All pictures should be dropped, and only the lines from the top of the entries below through the line containing "# Sketch1 → Boss-Extrude1 2 (new body)" repeated exactly, both ends included.

MATERIALS PROVIDED section start

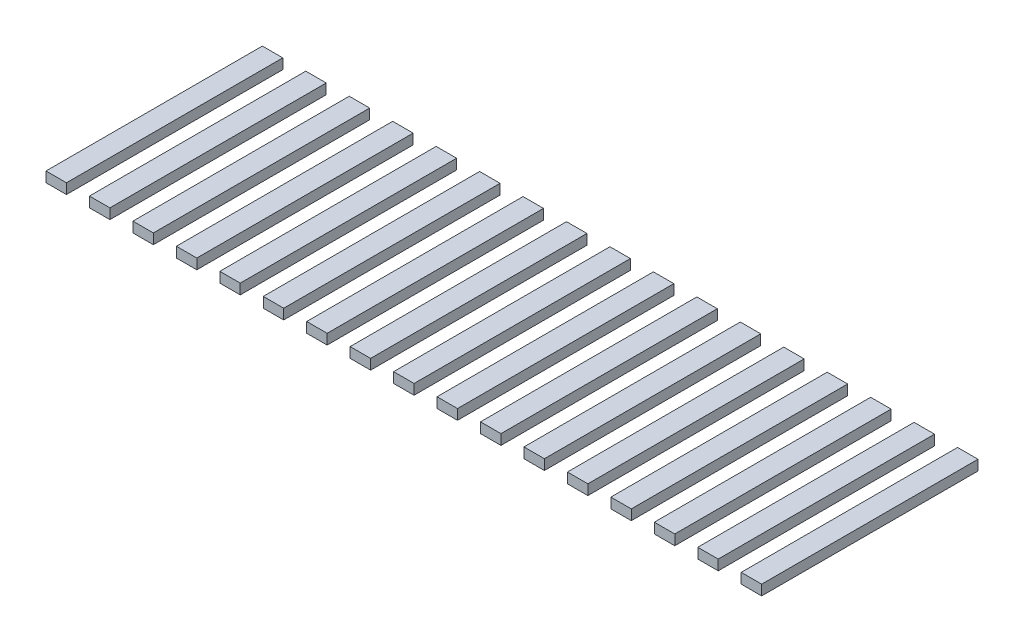
from build123d import *

# Parameters (mm, degrees)
SKETCH1_W              = 0.4
SKETCH1_H              = 4.232283465
BOSS_EXTRUDE1_DEPTH    = 0.2
BOSS_EXTRUDE1_2_DEPTH  = 0.2
BOSS_EXTRUDE1_3_DEPTH  = 0.2
BOSS_EXTRUDE1_4_DEPTH  = 0.2
BOSS_EXTRUDE1_5_DEPTH  = 0.2
BOSS_EXTRUDE1_6_DEPTH  = 0.2
BOSS_EXTRUDE1_7_DEPTH  = 0.2
BOSS_EXTRUDE1_8_DEPTH  = 0.2
BOSS_EXTRUDE1_9_DEPTH  = 0.2
BOSS_EXTRUDE1_10_DEPTH = 0.2
BOSS_EXTRUDE1_11_DEPTH = 0.2
BOSS_EXTRUDE1_12_DEPTH = 0.2
BOSS_EXTRUDE1_13_DEPTH = 0.2
BOSS_EXTRUDE1_14_DEPTH = 0.2
BOSS_EXTRUDE1_15_DEPTH = 0.2
BOSS_EXTRUDE1_16_DEPTH = 0.2
BOSS_EXTRUDE1_17_DEPTH = 0.2


with BuildPart() as part:
    # Sketch1 → Boss-Extrude1 (new body)
    with BuildSketch(Plane(origin=(0, 0, 0), x_dir=(1, 0, 0), z_dir=(0, 1, 0))):
        with Locations((-49.781526204, -17.035592861)):
            Rectangle(SKETCH1_W, SKETCH1_H)
    extrude(amount=BOSS_EXTRUDE1_DEPTH)


with BuildPart() as body_2:
    # Sketch1 → Boss-Extrude1 2 (new body)
    with BuildSketch(Plane(origin=(0, 0, 0), x_dir=(1, 0, 0), z_dir=(0, 1, 0))):
        with Locations((-50.631526204, -17.035592861)):
            Rectangle(SKETCH1_W, SKETCH1_H)
    extrude(amount=BOSS_EXTRUDE1_2_DEPTH)


with BuildPart() as body_3:
    # Sketch1 → Boss-Extrude1 3 (new body)
    with BuildSketch(Plane(origin=(0, 0, 0), x_dir=(1, 0, 0), z_dir=(0, 1, 0))):
        with Locations((-48.931526204, -17.035592861)):
            Rectangle(SKETCH1_W, SKETCH1_H)
    extrude(amount=BOSS_EXTRUDE1_3_DEPTH)


with BuildPart() as body_4:
    # Sketch1 → Boss-Extrude1 4 (new body)
    with BuildSketch(Plane(origin=(0, 0, 0), x_dir=(1, 0, 0), z_dir=(0, 1, 0))):
        with Locations((-48.081526204, -17.035592861)):
            Rectangle(SKETCH1_W, SKETCH1_H)
    extrude(amount=BOSS_EXTRUDE1_4_DEPTH)


with BuildPart() as body_5:
    # Sketch1 → Boss-Extrude1 5 (new body)
    with BuildSketch(Plane(origin=(0, 0, 0), x_dir=(1, 0, 0), z_dir=(0, 1, 0))):
        with Locations((-47.231526204, -17.035592861)):
            Rectangle(SKETCH1_W, SKETCH1_H)
    extrude(amount=BOSS_EXTRUDE1_5_DEPTH)


with BuildPart() as body_6:
    # Sketch1 → Boss-Extrude1 6 (new body)
    with BuildSketch(Plane(origin=(0, 0, 0), x_dir=(1, 0, 0), z_dir=(0, 1, 0))):
        with Locations((-46.381526204, -17.035592861)):
            Rectangle(SKETCH1_W, SKETCH1_H)
    extrude(amount=BOSS_EXTRUDE1_6_DEPTH)


with BuildPart() as body_7:
    # Sketch1 → Boss-Extrude1 7 (new body)
    with BuildSketch(Plane(origin=(0, 0, 0), x_dir=(1, 0, 0), z_dir=(0, 1, 0))):
        with Locations((-45.531526204, -17.035592861)):
            Rectangle(SKETCH1_W, SKETCH1_H)
    extrude(amount=BOSS_EXTRUDE1_7_DEPTH)


with BuildPart() as body_8:
    # Sketch1 → Boss-Extrude1 8 (new body)
    with BuildSketch(Plane(origin=(0, 0, 0), x_dir=(1, 0, 0), z_dir=(0, 1, 0))):
        with Locations((-44.681526204, -17.035592861)):
            Rectangle(SKETCH1_W, SKETCH1_H)
    extrude(amount=BOSS_EXTRUDE1_8_DEPTH)


with BuildPart() as body_9:
    # Sketch1 → Boss-Extrude1 9 (new body)
    with BuildSketch(Plane(origin=(0, 0, 0), x_dir=(1, 0, 0), z_dir=(0, 1, 0))):
        with Locations((-43.831526204, -17.035592861)):
            Rectangle(SKETCH1_W, SKETCH1_H)
    extrude(amount=BOSS_EXTRUDE1_9_DEPTH)


with BuildPart() as body_10:
    # Sketch1 → Boss-Extrude1 10 (new body)
    with BuildSketch(Plane(origin=(0, 0, 0), x_dir=(1, 0, 0), z_dir=(0, 1, 0))):
        with Locations((-42.981526204, -17.035592861)):
            Rectangle(SKETCH1_W, SKETCH1_H)
    extrude(amount=BOSS_EXTRUDE1_10_DEPTH)


with BuildPart() as body_11:
    # Sketch1 → Boss-Extrude1 11 (new body)
    with BuildSketch(Plane(origin=(0, 0, 0), x_dir=(1, 0, 0), z_dir=(0, 1, 0))):
        with Locations((-42.131526204, -17.035592861)):
            Rectangle(SKETCH1_W, SKETCH1_H)
    extrude(amount=BOSS_EXTRUDE1_11_DEPTH)


with BuildPart() as body_12:
    # Sketch1 → Boss-Extrude1 12 (new body)
    with BuildSketch(Plane(origin=(0, 0, 0), x_dir=(1, 0, 0), z_dir=(0, 1, 0))):
        with Locations((-41.281526204, -17.035592861)):
            Rectangle(SKETCH1_W, SKETCH1_H)
    extrude(amount=BOSS_EXTRUDE1_12_DEPTH)


with BuildPart() as body_13:
    # Sketch1 → Boss-Extrude1 13 (new body)
    with BuildSketch(Plane(origin=(0, 0, 0), x_dir=(1, 0, 0), z_dir=(0, 1, 0))):
        with Locations((-40.431526204, -17.035592861)):
            Rectangle(SKETCH1_W, SKETCH1_H)
    extrude(amount=BOSS_EXTRUDE1_13_DEPTH)


with BuildPart() as body_14:
    # Sketch1 → Boss-Extrude1 14 (new body)
    with BuildSketch(Plane(origin=(0, 0, 0), x_dir=(1, 0, 0), z_dir=(0, 1, 0))):
        with Locations((-39.581526204, -17.035592861)):
            Rectangle(SKETCH1_W, SKETCH1_H)
    extrude(amount=BOSS_EXTRUDE1_14_DEPTH)


with BuildPart() as body_15:
    # Sketch1 → Boss-Extrude1 15 (new body)
    with BuildSketch(Plane(origin=(0, 0, 0), x_dir=(1, 0, 0), z_dir=(0, 1, 0))):
        with Locations((-38.731526204, -17.035592861)):
            Rectangle(SKETCH1_W, SKETCH1_H)
    extrude(amount=BOSS_EXTRUDE1_15_DEPTH)


with BuildPart() as body_16:
    # Sketch1 → Boss-Extrude1 16 (new body)
    with BuildSketch(Plane(origin=(0, 0, 0), x_dir=(1, 0, 0), z_dir=(0, 1, 0))):
        with Locations((-37.881526204, -17.035592861)):
            Rectangle(SKETCH1_W, SKETCH1_H)
    extrude(amount=BOSS_EXTRUDE1_16_DEPTH)


with BuildPart() as body_17:
    # Sketch1 → Boss-Extrude1 17 (new body)
    with BuildSketch(Plane(origin=(0, 0, 0), x_dir=(1, 0, 0), z_dir=(0, 1, 0))):
        with Locations((-37.031526204, -17.035592861)):
            Rectangle(SKETCH1_W, SKETCH1_H)
    extrude(amount=BOSS_EXTRUDE1_17_DEPTH)


solid = Compound([part.part, body_2.part, body_3.part, body_4.part, body_5.part, body_6.part, body_7.part, body_8.part, body_9.part, body_10.part, body_11.part, body_12.part, body_13.part, body_14.part, body_15.part, body_16.part, body_17.part])

MATERIALS PROVIDED section end

EXPECTED ANSWER |
from build123d import *

# Parameters (mm, degrees)
SKETCH1_W              = 0.4
SKETCH1_H              = 4.232283465
BOSS_EXTRUDE1_DEPTH    = 0.2
BOSS_EXTRUDE1_2_DEPTH  = 0.2
BOSS_EXTRUDE1_3_DEPTH  = 0.2
BOSS_EXTRUDE1_4_DEPTH  = 0.2
BOSS_EXTRUDE1_5_DEPTH  = 0.2
BOSS_EXTRUDE1_6_DEPTH  = 0.2
BOSS_EXTRUDE1_7_DEPTH  = 0.2
BOSS_EXTRUDE1_8_DEPTH  = 0.2
BOSS_EXTRUDE1_9_DEPTH  = 0.2
BOSS_EXTRUDE1_10_DEPTH = 0.2
BOSS_EXTRUDE1_11_DEPTH = 0.2
BOSS_EXTRUDE1_12_DEPTH = 0.2
BOSS_EXTRUDE1_13_DEPTH = 0.2
BOSS_EXTRUDE1_14_DEPTH = 0.2
BOSS_EXTRUDE1_15_DEPTH = 0.2
BOSS_EXTRUDE1_16_DEPTH = 0.2
BOSS_EXTRUDE1_17_DEPTH = 0.2


with BuildPart() as part:
    # Sketch1 → Boss-Extrude1 (new body)
    with BuildSketch(Plane(origin=(0, 0, 0), x_dir=(1, 0, 0), z_dir=(0, 1, 0))):
        with Locations((-49.781526204, -17.035592861)):
            Rectangle(SKETCH1_W, SKETCH1_H)
    extrude(amount=BOSS_EXTRUDE1_DEPTH)


with BuildPart() as body_2:
    # Sketch1 → Boss-Extrude1 2 (new body)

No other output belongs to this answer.